_Exercise_
Which lines of the data contain the string "SimulationMode"? Copy every one.

(Excerpts from a dataset)

☆ ☆ ☆

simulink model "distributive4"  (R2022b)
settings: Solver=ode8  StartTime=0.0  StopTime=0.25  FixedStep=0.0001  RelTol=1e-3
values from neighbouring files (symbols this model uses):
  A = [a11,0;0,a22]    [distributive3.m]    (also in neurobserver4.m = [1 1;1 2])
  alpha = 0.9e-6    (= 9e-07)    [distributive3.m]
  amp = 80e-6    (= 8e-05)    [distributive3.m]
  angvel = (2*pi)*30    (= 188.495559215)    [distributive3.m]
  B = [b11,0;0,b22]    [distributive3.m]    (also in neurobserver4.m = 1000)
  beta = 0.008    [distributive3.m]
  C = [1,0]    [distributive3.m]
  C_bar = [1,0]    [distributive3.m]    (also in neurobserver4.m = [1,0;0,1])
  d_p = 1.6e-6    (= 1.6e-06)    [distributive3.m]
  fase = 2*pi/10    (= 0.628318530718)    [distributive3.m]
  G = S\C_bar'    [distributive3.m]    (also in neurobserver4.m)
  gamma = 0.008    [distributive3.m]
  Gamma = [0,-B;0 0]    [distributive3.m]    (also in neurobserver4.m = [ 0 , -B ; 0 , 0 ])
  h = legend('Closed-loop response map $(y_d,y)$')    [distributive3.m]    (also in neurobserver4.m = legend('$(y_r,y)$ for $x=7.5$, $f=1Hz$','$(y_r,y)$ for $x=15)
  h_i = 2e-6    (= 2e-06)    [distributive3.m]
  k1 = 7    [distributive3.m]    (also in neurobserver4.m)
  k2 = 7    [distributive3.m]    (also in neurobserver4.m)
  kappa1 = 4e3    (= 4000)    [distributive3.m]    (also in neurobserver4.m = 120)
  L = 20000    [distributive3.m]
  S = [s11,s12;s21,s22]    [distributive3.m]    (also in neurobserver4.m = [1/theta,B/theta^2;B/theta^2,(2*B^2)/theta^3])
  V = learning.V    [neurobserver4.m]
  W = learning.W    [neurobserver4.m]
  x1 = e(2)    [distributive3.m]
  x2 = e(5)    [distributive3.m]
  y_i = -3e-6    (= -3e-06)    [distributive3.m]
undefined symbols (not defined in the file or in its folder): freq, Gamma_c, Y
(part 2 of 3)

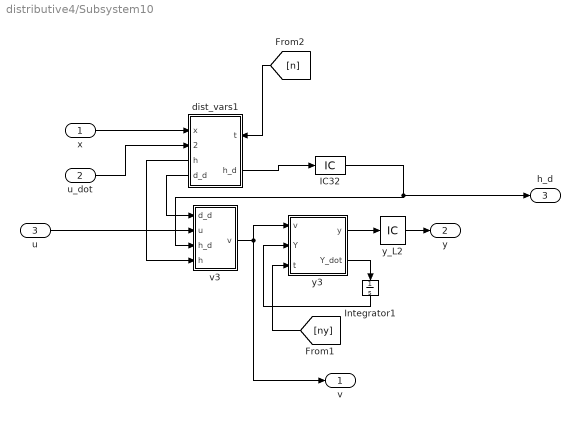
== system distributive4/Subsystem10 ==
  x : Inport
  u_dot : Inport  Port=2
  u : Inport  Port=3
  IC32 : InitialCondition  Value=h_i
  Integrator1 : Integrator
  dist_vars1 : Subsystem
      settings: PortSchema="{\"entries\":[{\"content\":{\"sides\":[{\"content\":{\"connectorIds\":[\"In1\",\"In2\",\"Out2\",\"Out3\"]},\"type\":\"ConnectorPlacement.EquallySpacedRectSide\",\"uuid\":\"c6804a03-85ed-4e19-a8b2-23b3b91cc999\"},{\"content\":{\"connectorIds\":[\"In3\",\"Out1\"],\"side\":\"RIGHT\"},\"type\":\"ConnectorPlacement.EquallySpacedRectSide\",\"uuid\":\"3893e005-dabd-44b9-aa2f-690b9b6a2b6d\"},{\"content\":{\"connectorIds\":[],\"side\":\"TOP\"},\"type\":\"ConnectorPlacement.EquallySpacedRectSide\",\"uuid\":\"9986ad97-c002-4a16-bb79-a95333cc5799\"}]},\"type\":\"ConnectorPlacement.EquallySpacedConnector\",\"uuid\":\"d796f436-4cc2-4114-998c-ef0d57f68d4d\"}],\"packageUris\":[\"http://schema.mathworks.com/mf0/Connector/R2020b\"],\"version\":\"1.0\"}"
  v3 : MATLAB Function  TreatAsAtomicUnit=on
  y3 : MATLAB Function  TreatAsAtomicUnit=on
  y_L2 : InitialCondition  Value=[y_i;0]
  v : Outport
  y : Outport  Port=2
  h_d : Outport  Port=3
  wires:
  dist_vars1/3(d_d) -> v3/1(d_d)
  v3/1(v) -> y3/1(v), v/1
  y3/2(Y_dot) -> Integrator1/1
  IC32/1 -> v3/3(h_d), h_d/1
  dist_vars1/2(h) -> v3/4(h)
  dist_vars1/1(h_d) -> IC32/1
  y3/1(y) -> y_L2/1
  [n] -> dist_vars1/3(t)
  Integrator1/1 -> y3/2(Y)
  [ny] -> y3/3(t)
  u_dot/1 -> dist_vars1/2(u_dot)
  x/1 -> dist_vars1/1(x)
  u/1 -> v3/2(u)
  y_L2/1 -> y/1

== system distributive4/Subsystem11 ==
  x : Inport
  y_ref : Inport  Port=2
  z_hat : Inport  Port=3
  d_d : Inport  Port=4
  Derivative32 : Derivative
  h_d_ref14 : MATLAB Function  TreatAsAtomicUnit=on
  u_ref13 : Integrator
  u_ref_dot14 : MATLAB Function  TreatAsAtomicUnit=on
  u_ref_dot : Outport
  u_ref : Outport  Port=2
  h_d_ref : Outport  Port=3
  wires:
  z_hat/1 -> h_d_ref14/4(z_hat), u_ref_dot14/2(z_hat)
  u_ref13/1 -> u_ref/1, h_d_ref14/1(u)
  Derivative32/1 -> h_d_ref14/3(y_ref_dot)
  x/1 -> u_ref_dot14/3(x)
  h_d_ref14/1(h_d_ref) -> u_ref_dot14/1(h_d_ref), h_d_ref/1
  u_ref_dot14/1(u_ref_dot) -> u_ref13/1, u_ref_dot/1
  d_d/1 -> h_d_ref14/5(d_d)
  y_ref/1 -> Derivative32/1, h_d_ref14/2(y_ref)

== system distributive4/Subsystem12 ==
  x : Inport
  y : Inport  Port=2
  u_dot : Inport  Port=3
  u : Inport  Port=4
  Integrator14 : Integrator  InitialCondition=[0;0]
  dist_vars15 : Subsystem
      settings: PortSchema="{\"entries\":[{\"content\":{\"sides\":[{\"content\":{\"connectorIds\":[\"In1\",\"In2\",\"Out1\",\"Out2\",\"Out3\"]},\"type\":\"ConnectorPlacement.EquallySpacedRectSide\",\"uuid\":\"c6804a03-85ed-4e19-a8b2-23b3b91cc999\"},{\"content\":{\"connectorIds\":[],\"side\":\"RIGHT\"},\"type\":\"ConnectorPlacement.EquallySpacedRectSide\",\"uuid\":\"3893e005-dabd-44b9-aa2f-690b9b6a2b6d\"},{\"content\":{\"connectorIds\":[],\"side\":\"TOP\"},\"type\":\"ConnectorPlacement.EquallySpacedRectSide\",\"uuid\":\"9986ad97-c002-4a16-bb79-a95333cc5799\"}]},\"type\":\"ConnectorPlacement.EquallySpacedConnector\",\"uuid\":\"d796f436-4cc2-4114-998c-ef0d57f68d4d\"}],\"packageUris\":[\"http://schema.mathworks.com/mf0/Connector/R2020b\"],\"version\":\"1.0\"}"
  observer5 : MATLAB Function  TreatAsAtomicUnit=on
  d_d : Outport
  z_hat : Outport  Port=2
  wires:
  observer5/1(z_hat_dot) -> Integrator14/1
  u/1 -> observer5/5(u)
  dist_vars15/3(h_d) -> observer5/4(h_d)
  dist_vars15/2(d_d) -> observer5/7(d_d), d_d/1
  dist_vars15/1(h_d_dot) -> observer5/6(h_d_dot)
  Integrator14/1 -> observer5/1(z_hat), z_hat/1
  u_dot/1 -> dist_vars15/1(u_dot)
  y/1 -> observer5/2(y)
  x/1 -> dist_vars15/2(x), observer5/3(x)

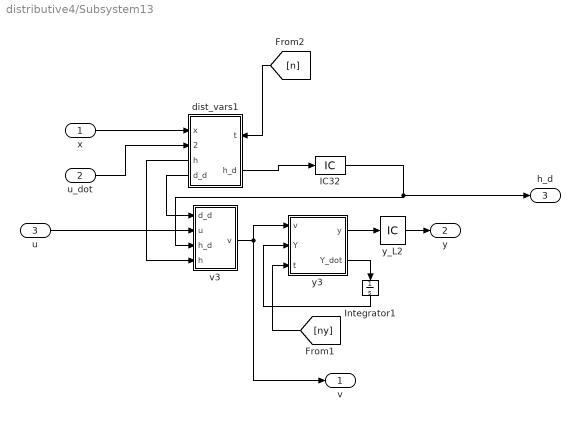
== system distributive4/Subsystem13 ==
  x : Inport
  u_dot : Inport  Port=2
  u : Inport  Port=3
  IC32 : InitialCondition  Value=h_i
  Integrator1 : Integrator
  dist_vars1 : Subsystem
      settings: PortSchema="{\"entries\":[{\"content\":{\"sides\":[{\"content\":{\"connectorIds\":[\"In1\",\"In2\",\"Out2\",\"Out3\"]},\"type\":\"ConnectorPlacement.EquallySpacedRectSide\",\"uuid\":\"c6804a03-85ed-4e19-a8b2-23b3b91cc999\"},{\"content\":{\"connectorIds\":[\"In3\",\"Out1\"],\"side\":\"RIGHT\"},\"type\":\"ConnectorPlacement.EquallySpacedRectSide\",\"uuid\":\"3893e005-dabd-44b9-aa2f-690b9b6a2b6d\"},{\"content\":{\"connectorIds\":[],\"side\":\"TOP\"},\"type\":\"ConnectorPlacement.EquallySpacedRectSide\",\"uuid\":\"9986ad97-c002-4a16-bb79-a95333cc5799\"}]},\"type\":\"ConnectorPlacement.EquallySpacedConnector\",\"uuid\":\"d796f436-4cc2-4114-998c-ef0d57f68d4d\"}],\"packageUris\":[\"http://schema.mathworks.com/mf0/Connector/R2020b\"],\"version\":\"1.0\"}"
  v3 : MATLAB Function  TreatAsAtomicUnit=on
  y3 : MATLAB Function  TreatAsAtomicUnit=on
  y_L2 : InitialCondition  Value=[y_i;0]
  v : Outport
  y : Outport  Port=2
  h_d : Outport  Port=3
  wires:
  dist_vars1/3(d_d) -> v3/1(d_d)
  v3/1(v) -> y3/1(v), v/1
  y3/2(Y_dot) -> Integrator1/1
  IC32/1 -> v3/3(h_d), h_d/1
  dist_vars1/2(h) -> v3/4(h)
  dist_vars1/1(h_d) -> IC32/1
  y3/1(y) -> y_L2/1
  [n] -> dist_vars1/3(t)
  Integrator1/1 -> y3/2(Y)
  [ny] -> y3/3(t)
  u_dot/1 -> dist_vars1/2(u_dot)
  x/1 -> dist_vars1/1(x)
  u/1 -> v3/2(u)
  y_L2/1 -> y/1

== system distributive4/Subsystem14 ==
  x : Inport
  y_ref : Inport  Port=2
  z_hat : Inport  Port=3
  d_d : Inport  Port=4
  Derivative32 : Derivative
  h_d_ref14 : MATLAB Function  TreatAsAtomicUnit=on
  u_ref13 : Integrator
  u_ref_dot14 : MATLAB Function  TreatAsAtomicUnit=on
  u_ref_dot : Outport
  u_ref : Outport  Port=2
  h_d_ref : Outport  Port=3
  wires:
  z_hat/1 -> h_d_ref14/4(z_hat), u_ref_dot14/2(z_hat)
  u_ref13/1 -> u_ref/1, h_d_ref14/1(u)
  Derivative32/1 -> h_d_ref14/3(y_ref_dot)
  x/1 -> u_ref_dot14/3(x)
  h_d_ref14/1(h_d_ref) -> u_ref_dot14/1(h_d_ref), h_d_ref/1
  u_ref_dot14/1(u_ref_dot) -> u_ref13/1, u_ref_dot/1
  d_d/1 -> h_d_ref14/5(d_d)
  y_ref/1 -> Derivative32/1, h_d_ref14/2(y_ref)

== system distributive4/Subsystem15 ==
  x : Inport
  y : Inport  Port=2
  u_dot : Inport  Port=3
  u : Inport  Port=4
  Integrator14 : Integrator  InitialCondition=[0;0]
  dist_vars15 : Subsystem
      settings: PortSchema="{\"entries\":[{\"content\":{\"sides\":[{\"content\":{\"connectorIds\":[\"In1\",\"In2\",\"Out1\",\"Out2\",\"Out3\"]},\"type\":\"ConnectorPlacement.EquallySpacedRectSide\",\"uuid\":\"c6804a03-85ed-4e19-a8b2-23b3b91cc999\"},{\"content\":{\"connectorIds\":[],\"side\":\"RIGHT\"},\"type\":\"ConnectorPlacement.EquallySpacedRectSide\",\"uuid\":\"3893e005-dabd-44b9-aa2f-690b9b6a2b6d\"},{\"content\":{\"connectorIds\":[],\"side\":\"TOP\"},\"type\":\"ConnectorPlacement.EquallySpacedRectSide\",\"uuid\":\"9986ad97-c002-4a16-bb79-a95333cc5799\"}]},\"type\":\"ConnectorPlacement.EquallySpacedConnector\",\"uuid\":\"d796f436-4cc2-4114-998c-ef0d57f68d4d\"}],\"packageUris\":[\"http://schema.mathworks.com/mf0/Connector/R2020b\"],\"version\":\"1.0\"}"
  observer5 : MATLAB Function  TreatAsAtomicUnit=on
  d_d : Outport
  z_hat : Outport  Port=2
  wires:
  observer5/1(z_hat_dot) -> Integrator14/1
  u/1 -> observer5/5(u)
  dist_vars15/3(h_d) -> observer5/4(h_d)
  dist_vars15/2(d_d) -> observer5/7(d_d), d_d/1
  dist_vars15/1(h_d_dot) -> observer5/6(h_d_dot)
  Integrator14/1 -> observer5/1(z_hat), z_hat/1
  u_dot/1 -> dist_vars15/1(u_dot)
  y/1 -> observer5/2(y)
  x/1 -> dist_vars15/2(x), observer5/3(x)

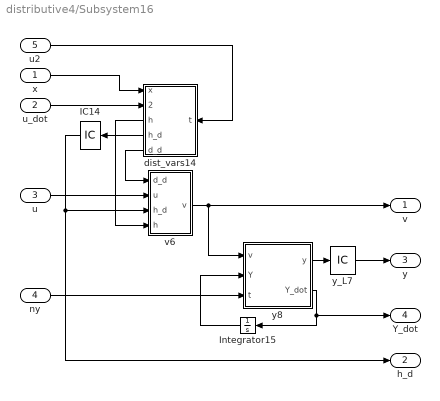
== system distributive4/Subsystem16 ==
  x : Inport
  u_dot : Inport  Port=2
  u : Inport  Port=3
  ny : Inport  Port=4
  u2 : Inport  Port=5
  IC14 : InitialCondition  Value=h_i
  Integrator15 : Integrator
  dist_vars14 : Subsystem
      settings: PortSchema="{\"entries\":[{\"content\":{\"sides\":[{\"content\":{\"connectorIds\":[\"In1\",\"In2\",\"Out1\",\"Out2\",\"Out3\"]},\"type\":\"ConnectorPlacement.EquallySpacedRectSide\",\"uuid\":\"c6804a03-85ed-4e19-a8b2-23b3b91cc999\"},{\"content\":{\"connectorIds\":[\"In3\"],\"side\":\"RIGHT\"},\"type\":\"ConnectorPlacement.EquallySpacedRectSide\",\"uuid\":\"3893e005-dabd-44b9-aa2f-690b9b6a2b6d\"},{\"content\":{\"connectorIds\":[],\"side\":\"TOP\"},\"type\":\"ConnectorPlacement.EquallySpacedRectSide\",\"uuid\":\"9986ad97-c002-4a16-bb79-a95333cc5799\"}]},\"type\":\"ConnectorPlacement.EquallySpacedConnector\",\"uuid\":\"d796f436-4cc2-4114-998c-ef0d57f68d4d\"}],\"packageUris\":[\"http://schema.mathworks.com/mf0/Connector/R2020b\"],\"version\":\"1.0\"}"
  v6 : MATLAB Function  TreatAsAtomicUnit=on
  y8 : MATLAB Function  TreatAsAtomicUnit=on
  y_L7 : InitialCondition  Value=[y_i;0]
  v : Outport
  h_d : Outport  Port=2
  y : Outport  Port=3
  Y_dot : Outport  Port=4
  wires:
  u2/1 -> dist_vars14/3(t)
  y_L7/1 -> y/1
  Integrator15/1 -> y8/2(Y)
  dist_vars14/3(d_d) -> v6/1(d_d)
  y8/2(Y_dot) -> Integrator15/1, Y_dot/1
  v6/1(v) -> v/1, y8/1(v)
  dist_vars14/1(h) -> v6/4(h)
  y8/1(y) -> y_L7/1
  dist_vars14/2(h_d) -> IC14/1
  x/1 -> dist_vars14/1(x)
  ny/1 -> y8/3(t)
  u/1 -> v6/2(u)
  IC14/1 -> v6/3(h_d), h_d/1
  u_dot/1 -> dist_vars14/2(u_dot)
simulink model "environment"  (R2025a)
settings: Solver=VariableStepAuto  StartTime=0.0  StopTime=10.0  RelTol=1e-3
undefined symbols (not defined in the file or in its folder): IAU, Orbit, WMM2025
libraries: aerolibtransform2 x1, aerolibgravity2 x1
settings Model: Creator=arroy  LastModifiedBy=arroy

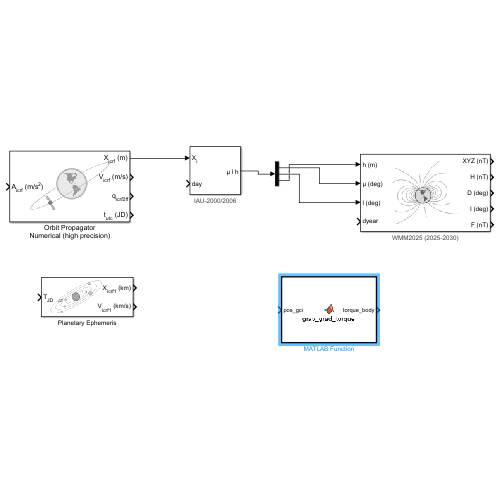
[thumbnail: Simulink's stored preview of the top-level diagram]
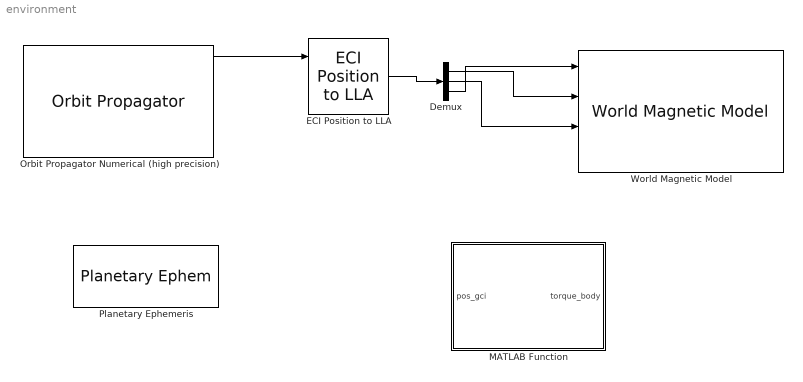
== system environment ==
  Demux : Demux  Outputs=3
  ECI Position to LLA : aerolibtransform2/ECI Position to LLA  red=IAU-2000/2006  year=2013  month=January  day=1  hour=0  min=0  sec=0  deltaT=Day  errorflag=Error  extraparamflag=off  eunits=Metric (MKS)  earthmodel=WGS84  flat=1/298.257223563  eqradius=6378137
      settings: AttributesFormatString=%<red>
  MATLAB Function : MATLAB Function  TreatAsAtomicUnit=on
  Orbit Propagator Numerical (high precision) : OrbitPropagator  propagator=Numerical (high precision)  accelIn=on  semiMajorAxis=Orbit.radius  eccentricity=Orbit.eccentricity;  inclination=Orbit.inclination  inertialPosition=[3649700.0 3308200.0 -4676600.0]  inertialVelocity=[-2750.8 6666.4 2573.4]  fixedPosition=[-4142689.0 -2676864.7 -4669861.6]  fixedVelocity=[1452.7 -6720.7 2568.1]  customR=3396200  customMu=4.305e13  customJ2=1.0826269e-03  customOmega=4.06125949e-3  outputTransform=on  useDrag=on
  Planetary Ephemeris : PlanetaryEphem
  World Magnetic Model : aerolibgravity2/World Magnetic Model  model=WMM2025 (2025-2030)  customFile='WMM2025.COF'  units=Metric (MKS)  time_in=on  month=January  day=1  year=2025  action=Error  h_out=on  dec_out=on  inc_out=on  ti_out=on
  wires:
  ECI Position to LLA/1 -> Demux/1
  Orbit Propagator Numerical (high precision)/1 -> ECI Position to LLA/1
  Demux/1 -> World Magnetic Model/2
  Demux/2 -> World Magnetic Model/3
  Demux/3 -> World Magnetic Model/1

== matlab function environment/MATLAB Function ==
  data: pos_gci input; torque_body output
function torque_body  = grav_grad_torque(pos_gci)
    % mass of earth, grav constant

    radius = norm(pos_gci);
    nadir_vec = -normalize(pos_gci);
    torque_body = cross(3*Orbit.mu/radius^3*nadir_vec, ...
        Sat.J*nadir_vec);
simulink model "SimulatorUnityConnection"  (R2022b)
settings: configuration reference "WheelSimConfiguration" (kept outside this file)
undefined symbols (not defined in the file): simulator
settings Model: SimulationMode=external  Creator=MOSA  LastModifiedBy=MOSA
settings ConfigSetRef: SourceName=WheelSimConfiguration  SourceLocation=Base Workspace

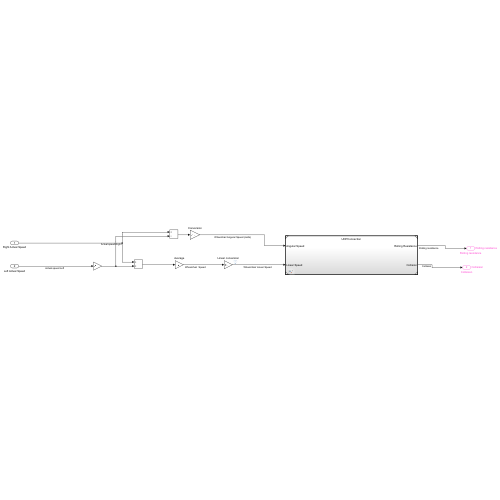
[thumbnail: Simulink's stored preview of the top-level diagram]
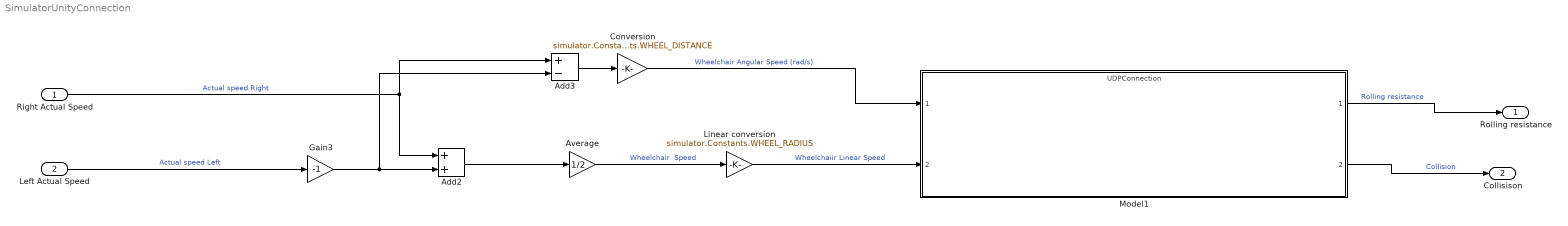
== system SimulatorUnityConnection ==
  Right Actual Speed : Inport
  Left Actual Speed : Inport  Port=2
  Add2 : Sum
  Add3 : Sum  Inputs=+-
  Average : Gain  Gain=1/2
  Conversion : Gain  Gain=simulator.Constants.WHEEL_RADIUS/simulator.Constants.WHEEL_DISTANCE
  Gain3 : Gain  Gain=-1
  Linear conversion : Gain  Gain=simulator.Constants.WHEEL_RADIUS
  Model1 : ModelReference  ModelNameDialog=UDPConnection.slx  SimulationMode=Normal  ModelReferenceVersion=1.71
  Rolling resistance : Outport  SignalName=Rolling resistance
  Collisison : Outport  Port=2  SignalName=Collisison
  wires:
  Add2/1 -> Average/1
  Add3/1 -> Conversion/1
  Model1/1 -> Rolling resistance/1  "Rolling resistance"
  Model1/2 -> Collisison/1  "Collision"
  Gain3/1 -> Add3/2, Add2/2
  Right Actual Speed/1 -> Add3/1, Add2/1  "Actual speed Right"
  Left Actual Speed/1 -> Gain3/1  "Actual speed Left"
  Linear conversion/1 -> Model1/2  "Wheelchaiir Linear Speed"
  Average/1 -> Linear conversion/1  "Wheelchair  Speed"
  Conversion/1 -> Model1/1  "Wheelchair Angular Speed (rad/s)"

☆ ☆ ☆

_Solution_
settings Model: SimulationMode=external  Creator=MOSA  LastModifiedBy=MOSA
  Model1 : ModelReference  ModelNameDialog=UDPConnection.slx  SimulationMode=Normal  ModelReferenceVersion=1.71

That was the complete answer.